_WHAT THE TASK REQUIRES:_ Transcribe the line with "#228=DIRECTION('',(1.,0.,0.));" and all the lines that follow it in the material below, exactly as they stand.

_INFORMATION GIVEN:_
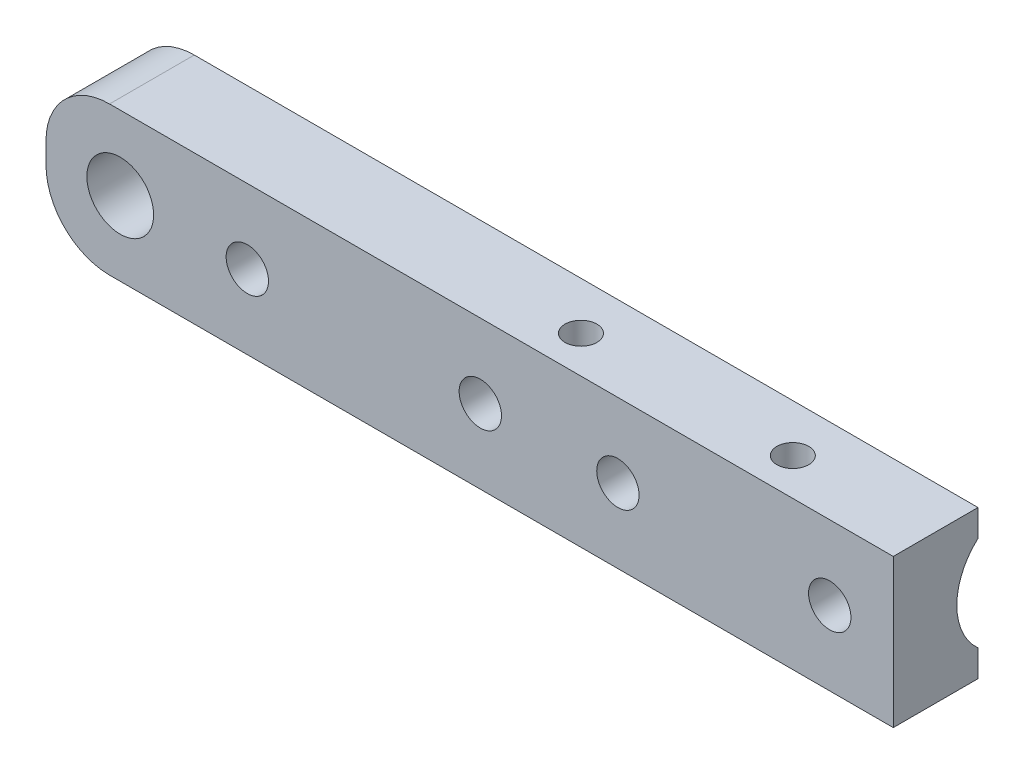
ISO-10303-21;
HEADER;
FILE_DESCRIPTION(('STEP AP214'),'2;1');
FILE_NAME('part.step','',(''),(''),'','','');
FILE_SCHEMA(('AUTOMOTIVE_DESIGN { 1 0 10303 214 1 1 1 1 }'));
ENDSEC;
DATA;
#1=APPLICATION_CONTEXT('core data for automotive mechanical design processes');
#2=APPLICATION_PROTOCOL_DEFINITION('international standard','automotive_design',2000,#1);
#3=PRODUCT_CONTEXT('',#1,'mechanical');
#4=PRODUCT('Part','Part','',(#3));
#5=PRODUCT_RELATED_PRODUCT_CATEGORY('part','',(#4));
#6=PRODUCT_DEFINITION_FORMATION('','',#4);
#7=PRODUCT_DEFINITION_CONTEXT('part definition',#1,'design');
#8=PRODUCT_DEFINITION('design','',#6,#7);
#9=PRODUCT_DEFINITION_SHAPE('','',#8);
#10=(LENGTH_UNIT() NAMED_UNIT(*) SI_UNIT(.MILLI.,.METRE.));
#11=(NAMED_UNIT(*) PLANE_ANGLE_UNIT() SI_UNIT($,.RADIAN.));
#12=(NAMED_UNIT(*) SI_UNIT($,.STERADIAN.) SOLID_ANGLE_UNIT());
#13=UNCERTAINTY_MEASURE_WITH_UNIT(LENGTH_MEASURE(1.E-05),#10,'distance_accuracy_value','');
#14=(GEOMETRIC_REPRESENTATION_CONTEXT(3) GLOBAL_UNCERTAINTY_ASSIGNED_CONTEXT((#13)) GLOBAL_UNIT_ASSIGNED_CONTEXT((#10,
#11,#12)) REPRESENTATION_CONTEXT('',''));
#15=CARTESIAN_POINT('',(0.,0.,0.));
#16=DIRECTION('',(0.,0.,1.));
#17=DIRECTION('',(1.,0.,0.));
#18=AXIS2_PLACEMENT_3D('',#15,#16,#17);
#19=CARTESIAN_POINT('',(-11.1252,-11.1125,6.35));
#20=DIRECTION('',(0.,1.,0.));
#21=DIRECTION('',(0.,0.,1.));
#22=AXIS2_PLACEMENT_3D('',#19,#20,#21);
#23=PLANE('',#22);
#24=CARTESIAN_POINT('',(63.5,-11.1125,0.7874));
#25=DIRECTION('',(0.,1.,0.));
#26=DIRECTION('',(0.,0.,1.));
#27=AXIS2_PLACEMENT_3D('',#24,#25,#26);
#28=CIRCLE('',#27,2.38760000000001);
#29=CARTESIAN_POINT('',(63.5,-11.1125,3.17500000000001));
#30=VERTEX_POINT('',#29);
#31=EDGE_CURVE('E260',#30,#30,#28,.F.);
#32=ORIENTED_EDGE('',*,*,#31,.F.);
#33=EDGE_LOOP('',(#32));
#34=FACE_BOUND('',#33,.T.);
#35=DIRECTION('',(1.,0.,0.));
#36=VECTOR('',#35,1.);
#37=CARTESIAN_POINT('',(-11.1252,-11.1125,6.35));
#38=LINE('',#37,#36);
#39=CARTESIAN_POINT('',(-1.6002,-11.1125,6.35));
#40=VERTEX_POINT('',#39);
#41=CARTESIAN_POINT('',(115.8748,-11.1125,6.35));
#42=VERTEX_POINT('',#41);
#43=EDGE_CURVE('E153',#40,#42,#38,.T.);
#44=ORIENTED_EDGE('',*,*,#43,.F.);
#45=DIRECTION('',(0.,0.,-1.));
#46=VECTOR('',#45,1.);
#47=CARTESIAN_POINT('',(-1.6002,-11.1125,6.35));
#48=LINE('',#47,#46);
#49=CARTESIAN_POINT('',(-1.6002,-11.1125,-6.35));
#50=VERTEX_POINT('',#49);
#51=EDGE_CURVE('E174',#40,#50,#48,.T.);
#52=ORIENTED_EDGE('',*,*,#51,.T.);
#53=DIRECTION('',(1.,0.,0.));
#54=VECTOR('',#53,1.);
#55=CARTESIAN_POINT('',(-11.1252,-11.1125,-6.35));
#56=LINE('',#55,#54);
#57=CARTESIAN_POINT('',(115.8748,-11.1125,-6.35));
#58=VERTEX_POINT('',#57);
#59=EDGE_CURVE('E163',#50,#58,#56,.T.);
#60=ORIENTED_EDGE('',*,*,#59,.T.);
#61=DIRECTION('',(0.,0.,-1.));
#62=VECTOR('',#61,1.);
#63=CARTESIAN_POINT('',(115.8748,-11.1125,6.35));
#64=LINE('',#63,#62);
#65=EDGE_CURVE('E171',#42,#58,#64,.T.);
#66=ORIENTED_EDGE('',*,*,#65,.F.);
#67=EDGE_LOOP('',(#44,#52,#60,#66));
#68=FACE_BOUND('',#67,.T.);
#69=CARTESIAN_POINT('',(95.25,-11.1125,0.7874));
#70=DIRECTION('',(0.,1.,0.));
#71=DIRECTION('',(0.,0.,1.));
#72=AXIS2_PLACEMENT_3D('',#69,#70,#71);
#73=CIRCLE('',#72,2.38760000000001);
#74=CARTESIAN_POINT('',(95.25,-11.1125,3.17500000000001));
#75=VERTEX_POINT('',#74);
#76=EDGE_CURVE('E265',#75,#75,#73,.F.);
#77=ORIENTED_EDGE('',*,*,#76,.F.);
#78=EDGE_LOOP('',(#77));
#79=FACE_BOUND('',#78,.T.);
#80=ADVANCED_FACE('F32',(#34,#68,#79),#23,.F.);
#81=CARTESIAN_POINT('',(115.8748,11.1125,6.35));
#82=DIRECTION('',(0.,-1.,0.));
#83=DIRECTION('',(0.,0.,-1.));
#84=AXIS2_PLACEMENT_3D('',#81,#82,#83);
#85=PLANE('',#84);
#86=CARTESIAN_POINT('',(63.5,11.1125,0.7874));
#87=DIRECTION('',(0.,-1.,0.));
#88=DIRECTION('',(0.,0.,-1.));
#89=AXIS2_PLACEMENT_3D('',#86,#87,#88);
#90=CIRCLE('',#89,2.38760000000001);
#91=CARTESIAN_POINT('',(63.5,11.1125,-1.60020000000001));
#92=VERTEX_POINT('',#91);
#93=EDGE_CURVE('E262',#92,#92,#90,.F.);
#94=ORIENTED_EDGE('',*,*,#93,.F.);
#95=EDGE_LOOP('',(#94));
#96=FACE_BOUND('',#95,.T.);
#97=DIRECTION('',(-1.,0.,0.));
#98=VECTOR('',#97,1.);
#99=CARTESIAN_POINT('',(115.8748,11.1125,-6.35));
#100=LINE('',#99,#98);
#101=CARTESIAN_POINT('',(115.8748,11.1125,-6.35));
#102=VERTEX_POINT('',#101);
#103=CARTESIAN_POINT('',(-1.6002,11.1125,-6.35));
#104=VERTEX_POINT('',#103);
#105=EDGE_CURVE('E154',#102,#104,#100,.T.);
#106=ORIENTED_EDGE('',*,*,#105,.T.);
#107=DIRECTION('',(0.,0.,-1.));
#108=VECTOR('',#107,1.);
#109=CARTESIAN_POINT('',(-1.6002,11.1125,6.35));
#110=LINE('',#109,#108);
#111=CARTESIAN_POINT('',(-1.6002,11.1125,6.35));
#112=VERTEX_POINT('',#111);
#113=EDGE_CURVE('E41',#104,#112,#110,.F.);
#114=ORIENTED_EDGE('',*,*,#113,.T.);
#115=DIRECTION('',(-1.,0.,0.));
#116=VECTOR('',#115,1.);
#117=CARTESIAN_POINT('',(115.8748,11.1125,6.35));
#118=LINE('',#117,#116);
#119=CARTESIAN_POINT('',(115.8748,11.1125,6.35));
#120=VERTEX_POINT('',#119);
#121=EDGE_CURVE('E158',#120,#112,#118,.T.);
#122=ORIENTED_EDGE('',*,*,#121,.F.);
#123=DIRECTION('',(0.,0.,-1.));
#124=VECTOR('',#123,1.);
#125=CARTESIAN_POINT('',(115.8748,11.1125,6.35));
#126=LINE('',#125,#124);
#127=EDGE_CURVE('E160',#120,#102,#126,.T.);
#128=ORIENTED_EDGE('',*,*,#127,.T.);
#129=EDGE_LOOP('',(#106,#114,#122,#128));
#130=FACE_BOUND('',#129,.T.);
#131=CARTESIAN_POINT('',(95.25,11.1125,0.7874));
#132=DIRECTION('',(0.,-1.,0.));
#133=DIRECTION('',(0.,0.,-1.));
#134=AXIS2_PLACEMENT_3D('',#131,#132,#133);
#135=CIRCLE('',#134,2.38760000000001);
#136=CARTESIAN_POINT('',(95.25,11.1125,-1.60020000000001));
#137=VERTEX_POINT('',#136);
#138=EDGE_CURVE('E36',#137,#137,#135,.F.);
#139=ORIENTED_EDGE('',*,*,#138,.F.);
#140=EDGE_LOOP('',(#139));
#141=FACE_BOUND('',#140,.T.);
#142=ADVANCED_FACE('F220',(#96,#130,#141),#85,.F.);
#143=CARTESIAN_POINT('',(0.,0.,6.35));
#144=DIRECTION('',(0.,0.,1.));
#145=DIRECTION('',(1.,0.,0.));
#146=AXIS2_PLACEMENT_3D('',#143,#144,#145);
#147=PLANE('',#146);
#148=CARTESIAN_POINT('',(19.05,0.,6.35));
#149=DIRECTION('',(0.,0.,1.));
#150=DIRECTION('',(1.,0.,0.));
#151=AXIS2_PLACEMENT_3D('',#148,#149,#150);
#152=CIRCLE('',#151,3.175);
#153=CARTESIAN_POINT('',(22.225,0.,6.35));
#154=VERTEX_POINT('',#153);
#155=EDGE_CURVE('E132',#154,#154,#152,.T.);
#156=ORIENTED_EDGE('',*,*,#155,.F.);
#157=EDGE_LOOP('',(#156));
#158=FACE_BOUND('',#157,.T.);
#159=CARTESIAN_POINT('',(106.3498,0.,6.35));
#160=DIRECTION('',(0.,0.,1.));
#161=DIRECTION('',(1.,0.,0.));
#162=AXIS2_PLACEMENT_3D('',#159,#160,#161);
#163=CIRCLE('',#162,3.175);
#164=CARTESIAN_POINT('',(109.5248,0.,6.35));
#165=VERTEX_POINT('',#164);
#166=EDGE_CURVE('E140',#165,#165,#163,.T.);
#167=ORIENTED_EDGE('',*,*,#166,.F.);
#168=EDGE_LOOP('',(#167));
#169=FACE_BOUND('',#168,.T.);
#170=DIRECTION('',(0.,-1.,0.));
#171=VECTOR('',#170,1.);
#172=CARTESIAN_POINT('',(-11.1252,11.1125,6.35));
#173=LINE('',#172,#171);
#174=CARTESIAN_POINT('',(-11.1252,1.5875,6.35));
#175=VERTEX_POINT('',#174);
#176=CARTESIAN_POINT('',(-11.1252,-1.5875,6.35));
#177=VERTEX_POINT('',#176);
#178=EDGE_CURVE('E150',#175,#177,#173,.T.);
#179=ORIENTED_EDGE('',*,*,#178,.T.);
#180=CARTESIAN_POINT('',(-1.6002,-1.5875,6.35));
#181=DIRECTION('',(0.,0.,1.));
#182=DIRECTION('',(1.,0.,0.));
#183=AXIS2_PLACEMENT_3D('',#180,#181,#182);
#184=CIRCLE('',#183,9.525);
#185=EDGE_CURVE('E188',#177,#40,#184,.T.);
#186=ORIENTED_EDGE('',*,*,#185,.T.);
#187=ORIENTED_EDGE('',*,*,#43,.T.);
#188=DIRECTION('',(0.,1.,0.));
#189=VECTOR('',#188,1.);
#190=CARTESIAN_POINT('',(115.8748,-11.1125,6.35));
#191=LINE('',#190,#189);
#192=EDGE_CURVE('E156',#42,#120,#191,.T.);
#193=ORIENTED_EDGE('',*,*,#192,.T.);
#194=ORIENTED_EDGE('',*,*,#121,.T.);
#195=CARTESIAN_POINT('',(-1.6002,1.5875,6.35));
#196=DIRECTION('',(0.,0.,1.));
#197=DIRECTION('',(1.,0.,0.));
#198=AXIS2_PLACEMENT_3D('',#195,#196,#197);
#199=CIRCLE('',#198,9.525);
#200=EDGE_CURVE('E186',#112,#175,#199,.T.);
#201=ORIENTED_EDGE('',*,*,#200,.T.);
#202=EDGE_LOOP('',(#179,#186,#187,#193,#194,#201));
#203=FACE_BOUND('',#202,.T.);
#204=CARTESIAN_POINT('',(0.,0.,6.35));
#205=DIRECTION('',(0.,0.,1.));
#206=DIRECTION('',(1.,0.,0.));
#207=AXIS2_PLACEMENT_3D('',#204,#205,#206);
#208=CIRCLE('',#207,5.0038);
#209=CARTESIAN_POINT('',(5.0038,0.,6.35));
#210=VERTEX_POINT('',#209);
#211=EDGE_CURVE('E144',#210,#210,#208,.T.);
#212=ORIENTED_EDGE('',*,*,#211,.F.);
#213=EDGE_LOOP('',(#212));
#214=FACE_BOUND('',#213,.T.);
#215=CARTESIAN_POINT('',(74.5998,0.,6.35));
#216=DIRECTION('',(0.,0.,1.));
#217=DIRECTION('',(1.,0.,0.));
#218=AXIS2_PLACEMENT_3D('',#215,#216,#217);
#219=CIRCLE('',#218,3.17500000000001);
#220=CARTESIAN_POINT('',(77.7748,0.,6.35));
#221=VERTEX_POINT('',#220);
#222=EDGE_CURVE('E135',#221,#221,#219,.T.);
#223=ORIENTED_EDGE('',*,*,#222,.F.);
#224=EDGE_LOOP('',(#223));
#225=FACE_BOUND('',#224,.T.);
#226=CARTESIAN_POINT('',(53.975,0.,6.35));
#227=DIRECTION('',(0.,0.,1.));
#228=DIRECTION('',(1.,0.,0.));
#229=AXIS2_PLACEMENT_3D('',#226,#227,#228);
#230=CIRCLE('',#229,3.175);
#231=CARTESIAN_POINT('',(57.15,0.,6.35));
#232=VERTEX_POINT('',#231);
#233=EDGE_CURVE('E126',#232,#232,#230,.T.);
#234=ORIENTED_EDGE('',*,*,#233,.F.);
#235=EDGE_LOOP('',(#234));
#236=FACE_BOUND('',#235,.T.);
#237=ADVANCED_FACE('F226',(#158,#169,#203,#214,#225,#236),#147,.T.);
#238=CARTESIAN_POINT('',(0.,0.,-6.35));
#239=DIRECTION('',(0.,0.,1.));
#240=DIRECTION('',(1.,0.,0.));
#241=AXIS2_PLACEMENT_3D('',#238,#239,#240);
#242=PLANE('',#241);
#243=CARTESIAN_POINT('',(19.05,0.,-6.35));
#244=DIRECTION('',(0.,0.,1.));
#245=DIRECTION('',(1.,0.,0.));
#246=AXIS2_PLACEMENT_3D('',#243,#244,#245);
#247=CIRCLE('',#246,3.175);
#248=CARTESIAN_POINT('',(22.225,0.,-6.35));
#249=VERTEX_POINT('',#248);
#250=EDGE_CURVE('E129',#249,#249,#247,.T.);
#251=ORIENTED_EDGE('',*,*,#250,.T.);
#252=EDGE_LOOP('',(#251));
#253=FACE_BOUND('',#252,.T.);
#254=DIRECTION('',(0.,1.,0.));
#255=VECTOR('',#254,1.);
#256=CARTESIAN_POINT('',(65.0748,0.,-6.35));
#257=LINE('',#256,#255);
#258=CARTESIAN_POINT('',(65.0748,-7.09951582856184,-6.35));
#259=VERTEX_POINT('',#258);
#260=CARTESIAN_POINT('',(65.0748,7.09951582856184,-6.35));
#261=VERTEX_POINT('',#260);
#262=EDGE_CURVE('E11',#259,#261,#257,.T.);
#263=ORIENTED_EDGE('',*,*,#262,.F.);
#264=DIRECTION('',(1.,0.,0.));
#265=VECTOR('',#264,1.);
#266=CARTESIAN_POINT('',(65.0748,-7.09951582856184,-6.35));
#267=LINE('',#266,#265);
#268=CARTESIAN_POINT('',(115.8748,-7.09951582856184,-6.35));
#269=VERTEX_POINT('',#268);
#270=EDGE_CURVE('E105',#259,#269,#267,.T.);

_TASK RESPONSE:_
#228=DIRECTION('',(1.,0.,0.));
#229=AXIS2_PLACEMENT_3D('',#226,#227,#228);
#230=CIRCLE('',#229,3.175);
#231=CARTESIAN_POINT('',(57.15,0.,6.35));
#232=VERTEX_POINT('',#231);
#233=EDGE_CURVE('E126',#232,#232,#230,.T.);
#234=ORIENTED_EDGE('',*,*,#233,.F.);
#235=EDGE_LOOP('',(#234));
#236=FACE_BOUND('',#235,.T.);
#237=ADVANCED_FACE('F226',(#158,#169,#203,#214,#225,#236),#147,.T.);
#238=CARTESIAN_POINT('',(0.,0.,-6.35));
#239=DIRECTION('',(0.,0.,1.));
#240=DIRECTION('',(1.,0.,0.));
#241=AXIS2_PLACEMENT_3D('',#238,#239,#240);
#242=PLANE('',#241);
#243=CARTESIAN_POINT('',(19.05,0.,-6.35));
#244=DIRECTION('',(0.,0.,1.));
#245=DIRECTION('',(1.,0.,0.));
#246=AXIS2_PLACEMENT_3D('',#243,#244,#245);
#247=CIRCLE('',#246,3.175);
#248=CARTESIAN_POINT('',(22.225,0.,-6.35));
#249=VERTEX_POINT('',#248);
#250=EDGE_CURVE('E129',#249,#249,#247,.T.);
#251=ORIENTED_EDGE('',*,*,#250,.T.);
#252=EDGE_LOOP('',(#251));
#253=FACE_BOUND('',#252,.T.);
#254=DIRECTION('',(0.,1.,0.));
#255=VECTOR('',#254,1.);
#256=CARTESIAN_POINT('',(65.0748,0.,-6.35));
#257=LINE('',#256,#255);
#258=CARTESIAN_POINT('',(65.0748,-7.09951582856184,-6.35));
#259=VERTEX_POINT('',#258);
#260=CARTESIAN_POINT('',(65.0748,7.09951582856184,-6.35));
#261=VERTEX_POINT('',#260);
#262=EDGE_CURVE('E11',#259,#261,#257,.T.);
#263=ORIENTED_EDGE('',*,*,#262,.F.);
#264=DIRECTION('',(1.,0.,0.));
#265=VECTOR('',#264,1.);
#266=CARTESIAN_POINT('',(65.0748,-7.09951582856184,-6.35));
#267=LINE('',#266,#265);
#268=CARTESIAN_POINT('',(115.8748,-7.09951582856184,-6.35));
#269=VERTEX_POINT('',#268);
#270=EDGE_CURVE('E105',#259,#269,#267,.T.);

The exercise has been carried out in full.